קׇרְבָּן הוּא דְּלָא מַיְיתֵי, אֲבָל נְזִירוּת חָיְילָא עֲלֵיהּ.
La Guemara commente : Des mots : Mais s'il devient impur, il n'apporte pas d'offrande pour l'impureté, on peut déduire que c'est l'offrande qu'il n'apporte pas. Cependant, toutes les interdictions du naziréat s'appliquent à lui, et il lui est interdit de devenir impur au contact d'un cadavre.
מַנִּי מַתְנִיתִין? לָא רַבִּי יְהוּדָה, וְלָא רַבִּי שִׁמְעוֹן. דְּתַנְיָא, רַבִּי יְהוּדָה אוֹמֵר: נְזִיר שִׁמְשׁוֹן — מוּתָּר לִיטַמֵּא לְמֵתִים, שֶׁכֵּן מָצִינוּ בְּשִׁמְשׁוֹן שֶׁנִּטְמָא. רַבִּי שִׁמְעוֹן אוֹמֵר: הָאוֹמֵר ״נְזִיר שִׁמְשׁוֹן״ — לֹא אָמַר כְּלוּם, שֶׁלֹּא מָצִינוּ בְּשִׁמְשׁוֹן שֶׁיָּצָאת נְזִירוּת מִפִּיו.
Cela mène à la question suivante : l’opinion de qui est exprimée dans la michna ? Ce n’est pas l’opinion de Rabbi Yehouda ni l’opinion de Rabbi Shimon, comme cela est enseigné dans une baraita : Rabbi Yehouda dit : Un nazir comme Samson est autorisé à devenir impur au contact d’un cadavre ab initio, comme nous voyons chez Samson qu’il est devenu impur. Rabbi Shimon dit : Celui qui dit qu’il sera nazir comme Samson n’a rien dit, puisque nous ne trouvons pas chez Samson qu’une formulation de vœu de nazirat soit sortie de sa bouche. Samson n’a jamais fait le vœu d’être nazir. Il a reçu son statut des instructions de l’ange à sa mère (voir Juges 13:5).

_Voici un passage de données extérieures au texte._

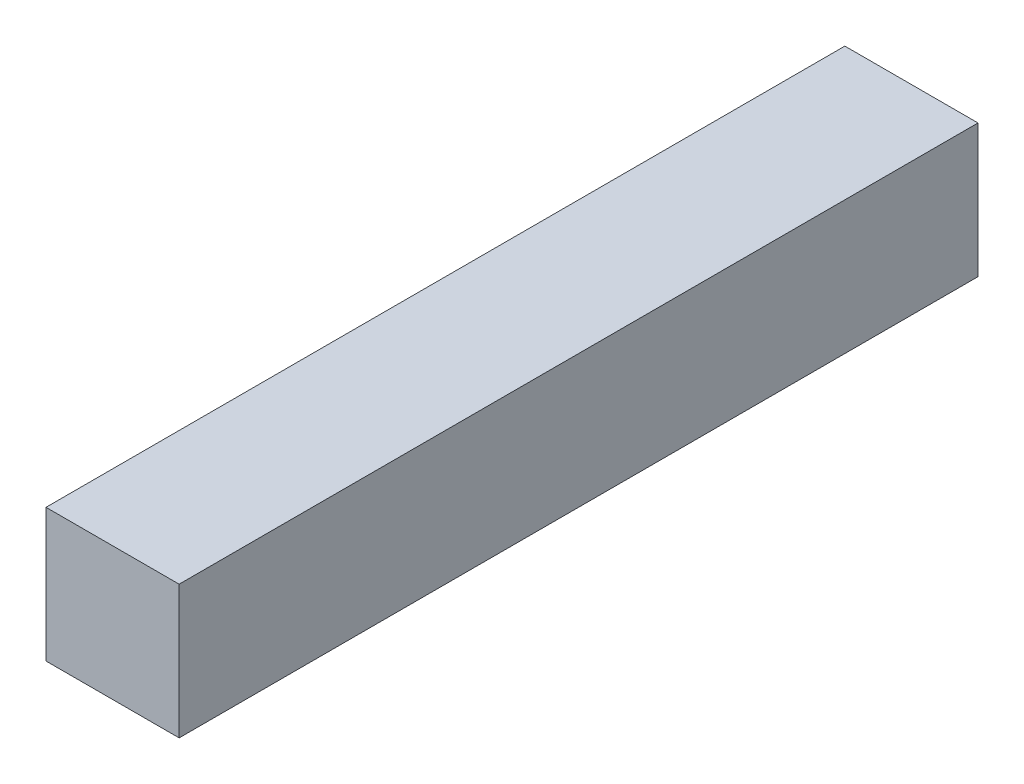
ISO-10303-21;
HEADER;
FILE_DESCRIPTION(('STEP AP214'),'2;1');
FILE_NAME('part.step','',(''),(''),'','','');
FILE_SCHEMA(('AUTOMOTIVE_DESIGN { 1 0 10303 214 1 1 1 1 }'));
ENDSEC;
DATA;
#1=APPLICATION_CONTEXT('core data for automotive mechanical design processes');
#2=APPLICATION_PROTOCOL_DEFINITION('international standard','automotive_design',2000,#1);
#3=PRODUCT_CONTEXT('',#1,'mechanical');
#4=PRODUCT('Part','Part','',(#3));
#5=PRODUCT_RELATED_PRODUCT_CATEGORY('part','',(#4));
#6=PRODUCT_DEFINITION_FORMATION('','',#4);
#7=PRODUCT_DEFINITION_CONTEXT('part definition',#1,'design');
#8=PRODUCT_DEFINITION('design','',#6,#7);
#9=PRODUCT_DEFINITION_SHAPE('','',#8);
#10=(LENGTH_UNIT() NAMED_UNIT(*) SI_UNIT(.MILLI.,.METRE.));
#11=(NAMED_UNIT(*) PLANE_ANGLE_UNIT() SI_UNIT($,.RADIAN.));
#12=(NAMED_UNIT(*) SI_UNIT($,.STERADIAN.) SOLID_ANGLE_UNIT());
#13=UNCERTAINTY_MEASURE_WITH_UNIT(LENGTH_MEASURE(1.E-05),#10,'distance_accuracy_value','');
#14=(GEOMETRIC_REPRESENTATION_CONTEXT(3) GLOBAL_UNCERTAINTY_ASSIGNED_CONTEXT((#13)) GLOBAL_UNIT_ASSIGNED_CONTEXT((#10,
#11,#12)) REPRESENTATION_CONTEXT('',''));
#15=CARTESIAN_POINT('',(0.,0.,0.));
#16=DIRECTION('',(0.,0.,1.));
#17=DIRECTION('',(1.,0.,0.));
#18=AXIS2_PLACEMENT_3D('',#15,#16,#17);
#19=CARTESIAN_POINT('',(0.,0.,0.));
#20=DIRECTION('',(0.,0.,-1.));
#21=DIRECTION('',(-1.,0.,0.));
#22=AXIS2_PLACEMENT_3D('',#19,#20,#21);
#23=PLANE('',#22);
#24=DIRECTION('',(0.,1.,0.));
#25=VECTOR('',#24,1.);
#26=CARTESIAN_POINT('',(5.,-5.,0.));
#27=LINE('',#26,#25);
#28=CARTESIAN_POINT('',(5.,-5.,0.));
#29=VERTEX_POINT('',#28);
#30=CARTESIAN_POINT('',(5.,5.,0.));
#31=VERTEX_POINT('',#30);
#32=EDGE_CURVE('E127',#29,#31,#27,.T.);
#33=ORIENTED_EDGE('',*,*,#32,.F.);
#34=DIRECTION('',(1.,0.,0.));
#35=VECTOR('',#34,1.);
#36=CARTESIAN_POINT('',(-5.,-5.,0.));
#37=LINE('',#36,#35);
#38=CARTESIAN_POINT('',(-5.,-5.,0.));
#39=VERTEX_POINT('',#38);
#40=EDGE_CURVE('E78',#39,#29,#37,.T.);
#41=ORIENTED_EDGE('',*,*,#40,.F.);
#42=DIRECTION('',(0.,-1.,0.));
#43=VECTOR('',#42,1.);
#44=CARTESIAN_POINT('',(-5.,-5.,0.));
#45=LINE('',#44,#43);
#46=CARTESIAN_POINT('',(-5.,5.,0.));
#47=VERTEX_POINT('',#46);
#48=EDGE_CURVE('E145',#47,#39,#45,.T.);
#49=ORIENTED_EDGE('',*,*,#48,.F.);
#50=DIRECTION('',(-1.,0.,0.));
#51=VECTOR('',#50,1.);
#52=CARTESIAN_POINT('',(-5.,5.,0.));
#53=LINE('',#52,#51);
#54=EDGE_CURVE('E131',#31,#47,#53,.T.);
#55=ORIENTED_EDGE('',*,*,#54,.F.);
#56=EDGE_LOOP('',(#33,#41,#49,#55));
#57=FACE_BOUND('',#56,.T.);
#58=DIRECTION('',(1.,0.,0.));
#59=VECTOR('',#58,1.);
#60=CARTESIAN_POINT('',(-1.85,-2.75,0.));
#61=LINE('',#60,#59);
#62=CARTESIAN_POINT('',(-1.85,-2.75,0.));
#63=VERTEX_POINT('',#62);
#64=CARTESIAN_POINT('',(1.85,-2.75,0.));
#65=VERTEX_POINT('',#64);
#66=EDGE_CURVE('E122',#63,#65,#61,.T.);
#67=ORIENTED_EDGE('',*,*,#66,.T.);
#68=DIRECTION('',(0.,1.,0.));
#69=VECTOR('',#68,1.);
#70=CARTESIAN_POINT('',(1.85,-2.75,0.));
#71=LINE('',#70,#69);
#72=CARTESIAN_POINT('',(1.85,2.75,0.));
#73=VERTEX_POINT('',#72);
#74=EDGE_CURVE('E48',#65,#73,#71,.T.);
#75=ORIENTED_EDGE('',*,*,#74,.T.);
#76=DIRECTION('',(-1.,0.,0.));
#77=VECTOR('',#76,1.);
#78=CARTESIAN_POINT('',(-1.85,2.75,0.));
#79=LINE('',#78,#77);
#80=CARTESIAN_POINT('',(-1.85,2.75,0.));
#81=VERTEX_POINT('',#80);
#82=EDGE_CURVE('E126',#73,#81,#79,.T.);
#83=ORIENTED_EDGE('',*,*,#82,.T.);
#84=DIRECTION('',(0.,-1.,0.));
#85=VECTOR('',#84,1.);
#86=CARTESIAN_POINT('',(-1.85,-2.75,0.));
#87=LINE('',#86,#85);
#88=EDGE_CURVE('E259',#81,#63,#87,.T.);
#89=ORIENTED_EDGE('',*,*,#88,.T.);
#90=EDGE_LOOP('',(#67,#75,#83,#89));
#91=FACE_BOUND('',#90,.T.);
#92=ADVANCED_FACE('F33',(#57,#91),#23,.T.);
#93=CARTESIAN_POINT('',(5.,-5.,60.));
#94=DIRECTION('',(-1.,0.,0.));
#95=DIRECTION('',(0.,0.,1.));
#96=AXIS2_PLACEMENT_3D('',#93,#94,#95);
#97=PLANE('',#96);
#98=ORIENTED_EDGE('',*,*,#32,.T.);
#99=DIRECTION('',(0.,0.,-1.));
#100=VECTOR('',#99,1.);
#101=CARTESIAN_POINT('',(5.,5.,60.));
#102=LINE('',#101,#100);
#103=CARTESIAN_POINT('',(5.,5.,60.));
#104=VERTEX_POINT('',#103);
#105=EDGE_CURVE('E11',#104,#31,#102,.T.);
#106=ORIENTED_EDGE('',*,*,#105,.F.);
#107=DIRECTION('',(0.,1.,0.));
#108=VECTOR('',#107,1.);
#109=CARTESIAN_POINT('',(5.,-5.,60.));
#110=LINE('',#109,#108);
#111=CARTESIAN_POINT('',(5.,-5.,60.));
#112=VERTEX_POINT('',#111);
#113=EDGE_CURVE('E137',#112,#104,#110,.T.);
#114=ORIENTED_EDGE('',*,*,#113,.F.);
#115=DIRECTION('',(0.,0.,-1.));
#116=VECTOR('',#115,1.);
#117=CARTESIAN_POINT('',(5.,-5.,60.));
#118=LINE('',#117,#116);
#119=EDGE_CURVE('E142',#112,#29,#118,.T.);
#120=ORIENTED_EDGE('',*,*,#119,.T.);
#121=EDGE_LOOP('',(#98,#106,#114,#120));
#122=FACE_BOUND('',#121,.T.);
#123=ADVANCED_FACE('F35',(#122),#97,.F.);
#124=CARTESIAN_POINT('',(-5.,5.,60.));
#125=DIRECTION('',(0.,-1.,0.));
#126=DIRECTION('',(0.,0.,-1.));
#127=AXIS2_PLACEMENT_3D('',#124,#125,#126);
#128=PLANE('',#127);
#129=ORIENTED_EDGE('',*,*,#54,.T.);
#130=DIRECTION('',(0.,0.,-1.));
#131=VECTOR('',#130,1.);
#132=CARTESIAN_POINT('',(-5.,5.,60.));
#133=LINE('',#132,#131);
#134=CARTESIAN_POINT('',(-5.,5.,60.));
#135=VERTEX_POINT('',#134);
#136=EDGE_CURVE('E41',#135,#47,#133,.T.);
#137=ORIENTED_EDGE('',*,*,#136,.F.);
#138=DIRECTION('',(-1.,0.,0.));
#139=VECTOR('',#138,1.);
#140=CARTESIAN_POINT('',(-5.,5.,60.));
#141=LINE('',#140,#139);
#142=EDGE_CURVE('E85',#104,#135,#141,.T.);
#143=ORIENTED_EDGE('',*,*,#142,.F.);
#144=ORIENTED_EDGE('',*,*,#105,.T.);
#145=EDGE_LOOP('',(#129,#137,#143,#144));
#146=FACE_BOUND('',#145,.T.);
#147=ADVANCED_FACE('F171',(#146),#128,.F.);
#148=CARTESIAN_POINT('',(-5.,-5.,60.));
#149=DIRECTION('',(1.,0.,0.));
#150=DIRECTION('',(0.,0.,-1.));
#151=AXIS2_PLACEMENT_3D('',#148,#149,#150);
#152=PLANE('',#151);
#153=ORIENTED_EDGE('',*,*,#48,.T.);
#154=DIRECTION('',(0.,0.,-1.));
#155=VECTOR('',#154,1.);
#156=CARTESIAN_POINT('',(-5.,-5.,60.));
#157=LINE('',#156,#155);
#158=CARTESIAN_POINT('',(-5.,-5.,60.));
#159=VERTEX_POINT('',#158);
#160=EDGE_CURVE('E149',#159,#39,#157,.T.);
#161=ORIENTED_EDGE('',*,*,#160,.F.);
#162=DIRECTION('',(0.,-1.,0.));
#163=VECTOR('',#162,1.);
#164=CARTESIAN_POINT('',(-5.,-5.,60.));
#165=LINE('',#164,#163);
#166=EDGE_CURVE('E140',#135,#159,#165,.T.);
#167=ORIENTED_EDGE('',*,*,#166,.F.);
#168=ORIENTED_EDGE('',*,*,#136,.T.);
#169=EDGE_LOOP('',(#153,#161,#167,#168));
#170=FACE_BOUND('',#169,.T.);
#171=ADVANCED_FACE('F154',(#170),#152,.F.);
#172=CARTESIAN_POINT('',(-5.,-5.,60.));
#173=DIRECTION('',(0.,1.,0.));
#174=DIRECTION('',(0.,0.,1.));
#175=AXIS2_PLACEMENT_3D('',#172,#173,#174);
#176=PLANE('',#175);
#177=ORIENTED_EDGE('',*,*,#40,.T.);
#178=ORIENTED_EDGE('',*,*,#119,.F.);
#179=DIRECTION('',(1.,0.,0.));
#180=VECTOR('',#179,1.);
#181=CARTESIAN_POINT('',(-5.,-5.,60.));
#182=LINE('',#181,#180);
#183=EDGE_CURVE('E57',#159,#112,#182,.T.);
#184=ORIENTED_EDGE('',*,*,#183,.F.);
#185=ORIENTED_EDGE('',*,*,#160,.T.);
#186=EDGE_LOOP('',(#177,#178,#184,#185));
#187=FACE_BOUND('',#186,.T.);
#188=ADVANCED_FACE('F162',(#187),#176,.F.);
#189=CARTESIAN_POINT('',(0.,0.,60.));
#190=DIRECTION('',(0.,0.,-1.));
#191=DIRECTION('',(-1.,0.,0.));
#192=AXIS2_PLACEMENT_3D('',#189,#190,#191);
#193=PLANE('',#192);
#194=ORIENTED_EDGE('',*,*,#113,.T.);
#195=ORIENTED_EDGE('',*,*,#142,.T.);
#196=ORIENTED_EDGE('',*,*,#166,.T.);
#197=ORIENTED_EDGE('',*,*,#183,.T.);
#198=EDGE_LOOP('',(#194,#195,#196,#197));
#199=FACE_BOUND('',#198,.T.);
#200=ADVANCED_FACE('F164',(#199),#193,.F.);
#201=CARTESIAN_POINT('',(1.85,-2.75,5.));
#202=DIRECTION('',(-1.,0.,0.));
#203=DIRECTION('',(0.,0.,1.));
#204=AXIS2_PLACEMENT_3D('',#201,#202,#203);
#205=PLANE('',#204);
#206=ORIENTED_EDGE('',*,*,#74,.F.);
#207=DIRECTION('',(0.,0.,-1.));
#208=VECTOR('',#207,1.);
#209=CARTESIAN_POINT('',(1.85,-2.75,5.));
#210=LINE('',#209,#208);
#211=CARTESIAN_POINT('',(1.85,-2.75,5.));
#212=VERTEX_POINT('',#211);
#213=EDGE_CURVE('E121',#212,#65,#210,.T.);
#214=ORIENTED_EDGE('',*,*,#213,.F.);
#215=DIRECTION('',(0.,1.,0.));
#216=VECTOR('',#215,1.);
#217=CARTESIAN_POINT('',(1.85,-2.75,5.));
#218=LINE('',#217,#216);
#219=CARTESIAN_POINT('',(1.85,2.75,5.));
#220=VERTEX_POINT('',#219);
#221=EDGE_CURVE('E113',#212,#220,#218,.T.);
#222=ORIENTED_EDGE('',*,*,#221,.T.);
#223=DIRECTION('',(0.,0.,-1.));
#224=VECTOR('',#223,1.);
#225=CARTESIAN_POINT('',(1.85,2.75,5.));
#226=LINE('',#225,#224);
#227=EDGE_CURVE('E120',#220,#73,#226,.T.);
#228=ORIENTED_EDGE('',*,*,#227,.T.);
#229=EDGE_LOOP('',(#206,#214,#222,#228));
#230=FACE_BOUND('',#229,.T.);
#231=ADVANCED_FACE('F119',(#230),#205,.T.);
#232=CARTESIAN_POINT('',(-1.85,2.75,5.));
#233=DIRECTION('',(0.,-1.,0.));
#234=DIRECTION('',(0.,0.,-1.));
#235=AXIS2_PLACEMENT_3D('',#232,#233,#234);
#236=PLANE('',#235);
#237=ORIENTED_EDGE('',*,*,#82,.F.);
#238=ORIENTED_EDGE('',*,*,#227,.F.);
#239=DIRECTION('',(-1.,0.,0.));
#240=VECTOR('',#239,1.);
#241=CARTESIAN_POINT('',(-1.85,2.75,5.));
#242=LINE('',#241,#240);
#243=CARTESIAN_POINT('',(-1.85,2.75,5.));
#244=VERTEX_POINT('',#243);
#245=EDGE_CURVE('E109',#220,#244,#242,.T.);
#246=ORIENTED_EDGE('',*,*,#245,.T.);
#247=DIRECTION('',(0.,0.,-1.));
#248=VECTOR('',#247,1.);
#249=CARTESIAN_POINT('',(-1.85,2.75,5.));
#250=LINE('',#249,#248);
#251=EDGE_CURVE('E128',#244,#81,#250,.T.);
#252=ORIENTED_EDGE('',*,*,#251,.T.);
#253=EDGE_LOOP('',(#237,#238,#246,#252));
#254=FACE_BOUND('',#253,.T.);
#255=ADVANCED_FACE('F124',(#254),#236,.T.);
#256=CARTESIAN_POINT('',(-1.85,-2.75,5.));
#257=DIRECTION('',(1.,0.,0.));
#258=DIRECTION('',(0.,0.,-1.));
#259=AXIS2_PLACEMENT_3D('',#256,#257,#258);
#260=PLANE('',#259);
#261=ORIENTED_EDGE('',*,*,#88,.F.);
#262=ORIENTED_EDGE('',*,*,#251,.F.);
#263=DIRECTION('',(0.,-1.,0.));
#264=VECTOR('',#263,1.);
#265=CARTESIAN_POINT('',(-1.85,-2.75,5.));
#266=LINE('',#265,#264);
#267=CARTESIAN_POINT('',(-1.85,-2.75,5.));
#268=VERTEX_POINT('',#267);
#269=EDGE_CURVE('E114',#244,#268,#266,.T.);
#270=ORIENTED_EDGE('',*,*,#269,.T.);
#271=DIRECTION('',(0.,0.,-1.));
#272=VECTOR('',#271,1.);
#273=CARTESIAN_POINT('',(-1.85,-2.75,5.));
#274=LINE('',#273,#272);
#275=EDGE_CURVE('E133',#268,#63,#274,.T.);
#276=ORIENTED_EDGE('',*,*,#275,.T.);
#277=EDGE_LOOP('',(#261,#262,#270,#276));
#278=FACE_BOUND('',#277,.T.);
#279=ADVANCED_FACE('F183',(#278),#260,.T.);
#280=CARTESIAN_POINT('',(-1.85,-2.75,5.));
#281=DIRECTION('',(0.,1.,0.));
#282=DIRECTION('',(0.,0.,1.));
#283=AXIS2_PLACEMENT_3D('',#280,#281,#282);
#284=PLANE('',#283);
#285=ORIENTED_EDGE('',*,*,#66,.F.);
#286=ORIENTED_EDGE('',*,*,#275,.F.);
#287=DIRECTION('',(1.,0.,0.));
#288=VECTOR('',#287,1.);
#289=CARTESIAN_POINT('',(-1.85,-2.75,5.));
#290=LINE('',#289,#288);
#291=EDGE_CURVE('E266',#268,#212,#290,.T.);
#292=ORIENTED_EDGE('',*,*,#291,.T.);
#293=ORIENTED_EDGE('',*,*,#213,.T.);
#294=EDGE_LOOP('',(#285,#286,#292,#293));
#295=FACE_BOUND('',#294,.T.);
#296=ADVANCED_FACE('F186',(#295),#284,.T.);
#297=CARTESIAN_POINT('',(0.,0.,5.));
#298=DIRECTION('',(0.,0.,-1.));
#299=DIRECTION('',(-1.,0.,0.));
#300=AXIS2_PLACEMENT_3D('',#297,#298,#299);
#301=PLANE('',#300);
#302=ORIENTED_EDGE('',*,*,#221,.F.);
#303=ORIENTED_EDGE('',*,*,#291,.F.);
#304=ORIENTED_EDGE('',*,*,#269,.F.);
#305=ORIENTED_EDGE('',*,*,#245,.F.);
#306=EDGE_LOOP('',(#302,#303,#304,#305));
#307=FACE_BOUND('',#306,.T.);
#308=ADVANCED_FACE('F111',(#307),#301,.T.);
#309=CLOSED_SHELL('',(#92,#123,#147,#171,#188,#200,#231,#255,#279,#296,#308));
#310=MANIFOLD_SOLID_BREP('B2',#309);
#311=ADVANCED_BREP_SHAPE_REPRESENTATION('',(#18,#310),#14);
#312=SHAPE_DEFINITION_REPRESENTATION(#9,#311);
ENDSEC;
END-ISO-10303-21;

Par conséquent, Rabbi Shimon soutient que celui qui fait le vœu d’être nazir comme Samson n’est pas considéré comme ayant prononcé un vœu de nazirat.
מַנִּי? אִי רַבִּי יְהוּדָה — הָאָמַר אֲפִילּוּ לְכַתְּחִילָּה, וּמַתְנִיתִין קָתָנֵי ״אִם נִטְמָא״. אִי רַבִּי שִׁמְעוֹן — הָאָמַר לָא חָיְילָא עֲלֵיהּ נְזִירוּת כְּלָל!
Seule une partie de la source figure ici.